Direct naar content gaan

Samenvatting

Aan A is door een voorganger van X (bv; belanghebbende) een ouderdomspensioen toegekend. Voorts is hem een voorwaardelijk recht op (na-)indexatie van het pensioen toegekend. Het ouderdomspensioen is ingegaan in april 2011 toen A 62 jaar werd en is stopgezet per 1 november 2011. Ten tijde van de stopzetting bestond het plan om de pensioenaanspraken over te dragen aan een beleggings-bv van A. Dit is uiteindelijk in maart 2012 gebeurd naar de situatie per 31 oktober 2011. A is sinds 2011 woonachtig in de Verenigde Arabische Emiraten. De Inspecteur heeft zich op het standpunt gesteld dat in 2011 een recht op (na-)indexatie is prijsgegeven door de pensioengerechtigde en heeft in dit verband aan X een naheffingsaanslag loonheffing 2011 opgelegd.

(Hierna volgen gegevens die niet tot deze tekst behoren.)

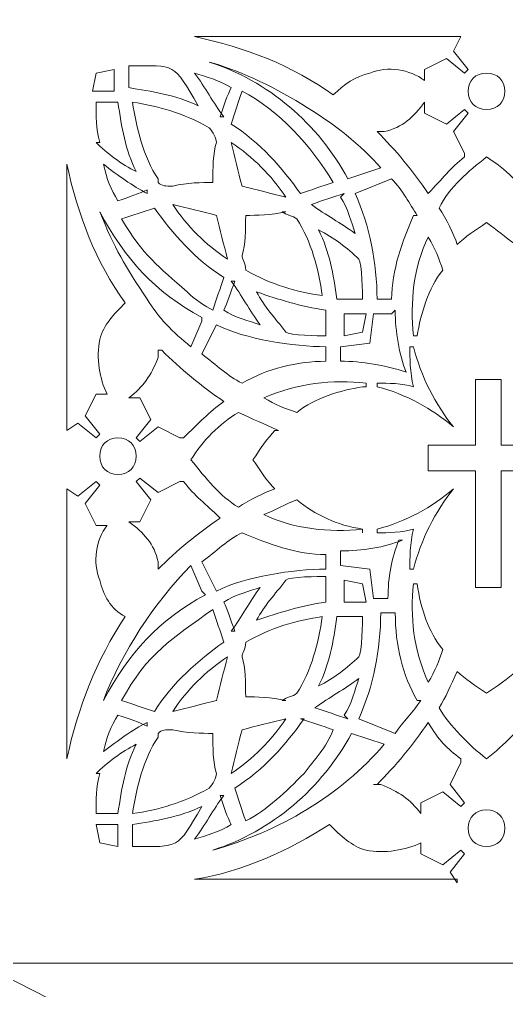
# Model space of a CAD drawing. Header units: centimetres. Extents: x -7.5 to 7.8, y -10.4 to 9.5.
# Drawn here: x 0.16 to 3.69, y -2.95 to 4.09 of the extents above; entities that cross this region are included whole.
import ezdxf

# ---------------------------------------------------------------- set-up
doc = ezdxf.new("R2010")
doc.units = ezdxf.units.CM
doc.header["$MEASUREMENT"] = 0
doc.layers.add('Layer 1', color=7, linetype='Continuous')

msp = doc.modelspace()

# ---------------------------------------------------------------- linework, layer by layer
at = {"layer": 'Layer 1', "color": 240, "lineweight": 13}
msp.add_open_spline([(-7.43479, -2.75167), (-7.43479, -2.75167), (7.14375, -2.75167), (7.14375, -2.75167), (7.14375, -2.75167), (7.14375, -2.75167), (7.14375, 4.57729), (7.14375, 4.57729), (7.14375, 4.57729), (7.14375, 4.57729), (3.4925, 9.49854), (3.4925, 9.49854), (3.4925, 9.49854), (3.4925, 9.49854), (-0.15875, 4.57729), (-0.15875, 4.57729), (-0.15875, 4.57729), (-0.15875, 4.57729), (-3.81, 9.49854), (-3.81, 9.49854), (-3.81, 9.49854), (-3.81, 9.49854), (-7.46125, 4.57729), (-7.46125, 4.57729), (-7.46125, 4.57729), (-7.46125, 4.57729), (7.14375, 4.57729), (7.14375, 4.57729)], degree=3, knots=[0, 0, 0, 0, 0.125, 0.125, 0.125, 0.125, 0.25, 0.25, 0.25, 0.25, 0.375, 0.375, 0.375, 0.375, 0.5, 0.5, 0.5, 0.5, 0.625, 0.625, 0.625, 0.625, 0.75, 0.75, 0.75, 0.75, 1, 1, 1, 1], dxfattribs=at)
at = {"layer": 'Layer 1', "color": 254, "lineweight": 13}
msp.add_open_spline([(7.14375, -2.75167), (7.14375, -2.75167), (7.77875, -2.06375), (7.77875, -2.06375), (7.77875, -2.06375), (7.77875, -2.06375), (7.77875, 3.88937), (7.77875, 3.88937), (7.77875, 3.88937), (7.77875, 3.88937), (7.17021, 4.57729), (7.17021, 4.57729), (7.17021, 4.57729), (7.17021, 4.57729), (7.17021, 5.31812), (7.17021, 5.31812), (7.17021, 5.31812), (6.72042, 7.03791), (5.37104, 8.94291), (3.51896, 9.47208), (3.51896, 9.47208), (1.66688, 8.94291), (0.3175, 7.01145), (-0.13229, 5.31812), (-0.13229, 5.31812), (-0.58208, 7.03791), (-1.93146, 8.94291), (-3.78354, 9.47208), (-3.78354, 9.47208), (-5.63562, 8.94291), (-6.985, 7.01145), (-7.43479, 5.29166), (-7.43479, 5.29166), (-7.43479, 5.29166), (-7.40833, 4.49791), (-7.40833, 4.49791), (-7.40833, 4.49791), (-7.40833, 4.49791), (-7.40833, -2.77813), (-7.40833, -2.77813), (-7.40833, -2.77813), (-7.40833, -2.77813), (-7.40833, -7.88459), (-7.40833, -7.88459), (-7.40833, -7.88459), (-7.40833, -7.88459), (-5.37104, -7.80522), (-5.37104, -7.80522), (-5.37104, -7.80522), (-5.37104, -7.80522), (-5.37104, -6.42939), (-5.37104, -6.42939), (-5.37104, -6.42939), (-5.37104, -6.42939), (-2.2225, -6.42939), (-2.2225, -6.42939), (-2.2225, -6.42939), (-2.2225, -6.42939), (-2.16958, -7.85814), (-2.16958, -7.85814), (-2.16958, -7.85814), (-2.16958, -7.85814), (-0.07937, -7.83168), (-0.07937, -7.83168), (-0.07937, -7.83168), (-0.07937, -7.83168), (-0.07937, -2.77814), (-0.07937, -2.77814), (-0.07937, -2.77814), (-0.07937, -2.77814), (3.59834, -4.65668), (3.59834, -4.65668), (3.59834, -4.65668), (3.59834, -4.65668), (2.69876, -6.42939), (2.69876, -6.42939), (2.69876, -6.42939), (2.69876, -6.42939), (7.19668, -6.42939), (7.19668, -6.42939), (7.19668, -6.42939), (7.19668, -6.42939), (7.19668, -2.77814), (7.19668, -2.77814), (7.19668, -2.77814), (7.19668, -2.77814), (7.14375, -2.75167), (7.14375, -2.75167)], degree=3, knots=[0, 0, 0, 0, 0.0434783, 0.0434783, 0.0434783, 0.0434783, 0.0869565, 0.0869565, 0.0869565, 0.0869565, 0.1304348, 0.1304348, 0.1304348, 0.1304348, 0.173913, 0.173913, 0.173913, 0.173913, 0.2173913, 0.2173913, 0.2173913, 0.2173913, 0.2608696, 0.2608696, 0.2608696, 0.2608696, 0.3043478, 0.3043478, 0.3043478, 0.3043478, 0.3478261, 0.3478261, 0.3478261, 0.3478261, 0.3913043, 0.3913043, 0.3913043, 0.3913043, 0.4347826, 0.4347826, 0.4347826, 0.4347826, 0.4782609, 0.4782609, 0.4782609, 0.4782609, 0.5217391, 0.5217391, 0.5217391, 0.5217391, 0.5652174, 0.5652174, 0.5652174, 0.5652174, 0.6086957, 0.6086957, 0.6086957, 0.6086957, 0.6521739, 0.6521739, 0.6521739, 0.6521739, 0.6956522, 0.6956522, 0.6956522, 0.6956522, 0.7391304, 0.7391304, 0.7391304, 0.7391304, 0.7826087, 0.7826087, 0.7826087, 0.7826087, 0.826087, 0.826087, 0.826087, 0.826087, 0.8695652, 0.8695652, 0.8695652, 0.8695652, 0.9130435, 0.9130435, 0.9130435, 0.9130435, 1, 1, 1, 1], dxfattribs=at)
at = {"layer": 'Layer 1', "color": 250, "lineweight": 13}
for points, knots in [([(1.42875, 3.96875), (1.42875, 3.96875), (3.36021, 3.96875), (3.36021, 3.96875), (3.36021, 3.96875), (3.36021, 3.96875), (3.30729, 3.86292), (3.30729, 3.86292), (3.30729, 3.86292), (3.30729, 3.86292), (3.41312, 3.73063), (3.41312, 3.73063), (3.41312, 3.73063), (3.41312, 3.73063), (3.38666, 3.70417), (3.38666, 3.70417), (3.38666, 3.70417), (3.38666, 3.70417), (3.25437, 3.81), (3.25437, 3.81), (3.25437, 3.81), (3.25437, 3.81), (3.09562, 3.73062), (3.09562, 3.73062), (3.09562, 3.73062), (3.09562, 3.73062), (3.09562, 3.65124), (3.09562, 3.65124), (3.09562, 3.65124), (2.98979, 3.73061), (2.83104, 3.75707), (2.69874, 3.70416), (2.69874, 3.70416), (2.59291, 3.6777), (2.51353, 3.62478), (2.43416, 3.54541), (2.43416, 3.54541), (2.14312, 3.75708), (1.79916, 3.88937), (1.42874, 3.96874), (1.42874, 3.96874), (1.42874, 3.96874), (1.42875, 3.96875), (1.42875, 3.96875)], [0, 0, 0, 0, 0.0833333, 0.0833333, 0.0833333, 0.0833333, 0.1666667, 0.1666667, 0.1666667, 0.1666667, 0.25, 0.25, 0.25, 0.25, 0.3333333, 0.3333333, 0.3333333, 0.3333333, 0.4166667, 0.4166667, 0.4166667, 0.4166667, 0.5, 0.5, 0.5, 0.5, 0.5833333, 0.5833333, 0.5833333, 0.5833333, 0.6666667, 0.6666667, 0.6666667, 0.6666667, 0.75, 0.75, 0.75, 0.75, 0.8333333, 0.8333333, 0.8333333, 0.8333333, 1, 1, 1, 1]), ([(0.9525, 3.75708), (0.9525, 3.70416), (0.9525, 3.65125), (0.9525, 3.59833), (0.9525, 3.59833), (1.11125, 3.57187), (1.29646, 3.54541), (1.45521, 3.46604), (1.45521, 3.46604), (1.27, 3.78354), (1.29646, 3.75708), (0.9525, 3.75708)], [0, 0, 0, 0, 0.25, 0.25, 0.25, 0.25, 0.5, 0.5, 0.5, 0.5, 1, 1, 1, 1]), ([(1.53458, 3.78354), (1.95791, 3.65125), (2.32833, 3.33375), (2.54, 2.93687), (2.54, 2.93687), (2.54, 2.93687), (2.77813, 3.01624), (2.77813, 3.01624), (2.77813, 3.01624), (2.51355, 3.33374), (1.93146, 3.6777), (1.53459, 3.78353), (1.53459, 3.78353), (1.53459, 3.78353), (1.53458, 3.78354), (1.53458, 3.78354)], [0, 0, 0, 0, 0.2, 0.2, 0.2, 0.2, 0.4, 0.4, 0.4, 0.4, 0.6, 0.6, 0.6, 0.6, 1, 1, 1, 1]), ([(0.84667, 3.73063), (0.84667, 3.73063), (0.71438, 3.70417), (0.71438, 3.70417), (0.71438, 3.70417), (0.71438, 3.70417), (0.68792, 3.57188), (0.68792, 3.57188), (0.68792, 3.57188), (0.74084, 3.57188), (0.79375, 3.57188), (0.84667, 3.57188), (0.84667, 3.57188), (0.84667, 3.6248), (0.84667, 3.67771), (0.84667, 3.70417), (0.84667, 3.70417), (0.84667, 3.70417), (0.84667, 3.73063), (0.84667, 3.73063)], [0, 0, 0, 0, 0.1666667, 0.1666667, 0.1666667, 0.1666667, 0.3333333, 0.3333333, 0.3333333, 0.3333333, 0.5, 0.5, 0.5, 0.5, 0.6666667, 0.6666667, 0.6666667, 0.6666667, 1, 1, 1, 1]), ([(1.61396, 3.38667), (1.64042, 3.46604), (1.66688, 3.54542), (1.69334, 3.59834), (1.69334, 3.59834), (1.61396, 3.65126), (1.50813, 3.67771), (1.42876, 3.70417), (1.42876, 3.70417), (1.50814, 3.59834), (1.56105, 3.4925), (1.64043, 3.38667), (1.64043, 3.38667), (1.64043, 3.38667), (1.61396, 3.38667), (1.61396, 3.38667)], [0, 0, 0, 0, 0.2, 0.2, 0.2, 0.2, 0.4, 0.4, 0.4, 0.4, 0.6, 0.6, 0.6, 0.6, 1, 1, 1, 1]), ([(3.41312, 3.57188), (3.41312, 3.65125), (3.46604, 3.70417), (3.54541, 3.70417), (3.54541, 3.70417), (3.62479, 3.70417), (3.6777, 3.65125), (3.6777, 3.57188), (3.6777, 3.57188), (3.6777, 3.4925), (3.62478, 3.43959), (3.54541, 3.43959), (3.54541, 3.43959), (3.46603, 3.43959), (3.41312, 3.49251), (3.41312, 3.57188)], [0, 0, 0, 0, 0.2, 0.2, 0.2, 0.2, 0.4, 0.4, 0.4, 0.4, 0.6, 0.6, 0.6, 0.6, 1, 1, 1, 1]), ([(2.19604, 2.83104), (2.06375, 3.01625), (1.905, 3.20146), (1.69333, 3.33375), (1.69333, 3.33375), (1.71979, 3.41312), (1.74625, 3.4925), (1.77271, 3.57187), (1.77271, 3.57187), (2.03729, 3.43958), (2.27542, 3.17499), (2.43417, 2.91041), (2.43417, 2.91041), (2.35479, 2.88395), (2.27542, 2.85749), (2.19604, 2.83103), (2.19604, 2.83103), (2.19604, 2.83103), (2.19604, 2.83104), (2.19604, 2.83104)], [0, 0, 0, 0, 0.1666667, 0.1666667, 0.1666667, 0.1666667, 0.3333333, 0.3333333, 0.3333333, 0.3333333, 0.5, 0.5, 0.5, 0.5, 0.6666667, 0.6666667, 0.6666667, 0.6666667, 1, 1, 1, 1]), ([(0.71438, 3.20146), (0.79376, 3.12208), (0.89959, 3.04271), (1.00542, 2.98979), (1.00542, 2.98979), (0.92604, 3.14854), (0.89959, 3.30729), (0.87313, 3.4925), (0.87313, 3.4925), (0.82021, 3.4925), (0.7673, 3.4925), (0.71438, 3.4925), (0.71438, 3.4925), (0.71438, 3.38667), (0.71438, 3.30729), (0.74084, 3.20146), (0.74084, 3.20146), (0.74084, 3.20146), (0.71438, 3.20146), (0.71438, 3.20146)], [0, 0, 0, 0, 0.1666667, 0.1666667, 0.1666667, 0.1666667, 0.3333333, 0.3333333, 0.3333333, 0.3333333, 0.5, 0.5, 0.5, 0.5, 0.6666667, 0.6666667, 0.6666667, 0.6666667, 1, 1, 1, 1]), ([(1.16417, 2.91042), (1.19063, 2.88396), (1.21709, 2.88396), (1.27, 2.88396), (1.27, 2.88396), (1.37583, 2.91042), (1.48167, 2.91042), (1.56104, 2.91042), (1.56104, 2.91042), (1.56104, 3.01625), (1.56104, 3.12209), (1.5875, 3.20146), (1.5875, 3.20146), (1.5875, 3.22792), (1.56104, 3.28083), (1.53458, 3.30729), (1.53458, 3.30729), (1.34937, 3.41312), (1.16416, 3.46604), (0.97895, 3.4925), (0.97895, 3.4925), (1.00541, 3.30729), (1.05833, 3.09562), (1.16416, 2.93687), (1.16416, 2.93687), (1.16416, 2.93687), (1.16417, 2.91042), (1.16417, 2.91042)], [0, 0, 0, 0, 0.125, 0.125, 0.125, 0.125, 0.25, 0.25, 0.25, 0.25, 0.375, 0.375, 0.375, 0.375, 0.5, 0.5, 0.5, 0.5, 0.625, 0.625, 0.625, 0.625, 0.75, 0.75, 0.75, 0.75, 1, 1, 1, 1]), ([(3.38667, 3.09563), (3.28084, 3.01625), (3.22792, 2.93688), (3.12209, 2.83105), (3.12209, 2.83105), (3.01626, 2.9898), (2.88396, 3.14855), (2.75167, 3.28084), (2.75167, 3.28084), (2.77813, 3.28084), (2.77813, 3.28084), (2.80459, 3.28084), (2.80459, 3.28084), (2.93688, 3.3073), (3.01626, 3.38667), (3.09563, 3.49251), (3.09563, 3.49251), (3.09563, 3.49251), (3.09563, 3.41313), (3.09563, 3.41313), (3.09563, 3.41313), (3.09563, 3.41313), (3.25438, 3.33375), (3.25438, 3.33375), (3.25438, 3.33375), (3.25438, 3.33375), (3.38667, 3.43958), (3.38667, 3.43958), (3.38667, 3.43958), (3.38667, 3.43958), (3.41313, 3.41312), (3.41313, 3.41312), (3.41313, 3.41312), (3.41313, 3.41312), (3.3073, 3.28083), (3.3073, 3.28083), (3.3073, 3.28083), (3.3073, 3.28083), (3.38668, 3.12208), (3.38668, 3.12208), (3.38668, 3.12208), (3.38668, 3.12208), (3.38668, 3.09562), (3.38668, 3.09562), (3.38668, 3.09562), (3.38668, 3.09562), (3.38667, 3.09563), (3.38667, 3.09563)], [0, 0, 0, 0, 0.0769231, 0.0769231, 0.0769231, 0.0769231, 0.1538462, 0.1538462, 0.1538462, 0.1538462, 0.2307692, 0.2307692, 0.2307692, 0.2307692, 0.3076923, 0.3076923, 0.3076923, 0.3076923, 0.3846154, 0.3846154, 0.3846154, 0.3846154, 0.4615385, 0.4615385, 0.4615385, 0.4615385, 0.5384615, 0.5384615, 0.5384615, 0.5384615, 0.6153846, 0.6153846, 0.6153846, 0.6153846, 0.6923077, 0.6923077, 0.6923077, 0.6923077, 0.7692308, 0.7692308, 0.7692308, 0.7692308, 0.8461538, 0.8461538, 0.8461538, 0.8461538, 1, 1, 1, 1]), ([(1.69333, 3.20146), (1.71979, 3.09563), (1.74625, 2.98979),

Hof Den Haag heeft de naheffingsaanslag in stand gelaten. Volgens het Hof is het recht op (na-)indexatie prijsgegeven als bedoeld in artikel 19b, lid 1, onderdeel c, Wet LB 1968.

In cassatie klaagt X dat het oordeel van het Hof dat het voorwaardelijke recht op (na-)indexatie kan worden aangemerkt als een aanspraak ingevolge een pensioenregeling onjuist is. X betoogt dat voor de uitleg van dit begrip moet worden aangesloten bij de civielrechtelijke definitie(s). Daarnaast bestrijdt X onder meer het oordeel van het Hof dat met de overdracht van de pensioenverplichting zij het recht op (na-)indexatie heeft prijsgegeven.

Naar de mening van A-G Niessen zijn er in de onderhavige zaak twee redenen om voor de uitleg van het begrip ‘aanspraak ingevolge een pensioenregeling’ niet zonder meer aan te sluiten bij het civiele recht. Het eerste middel faalt daarom, volgens de A-G.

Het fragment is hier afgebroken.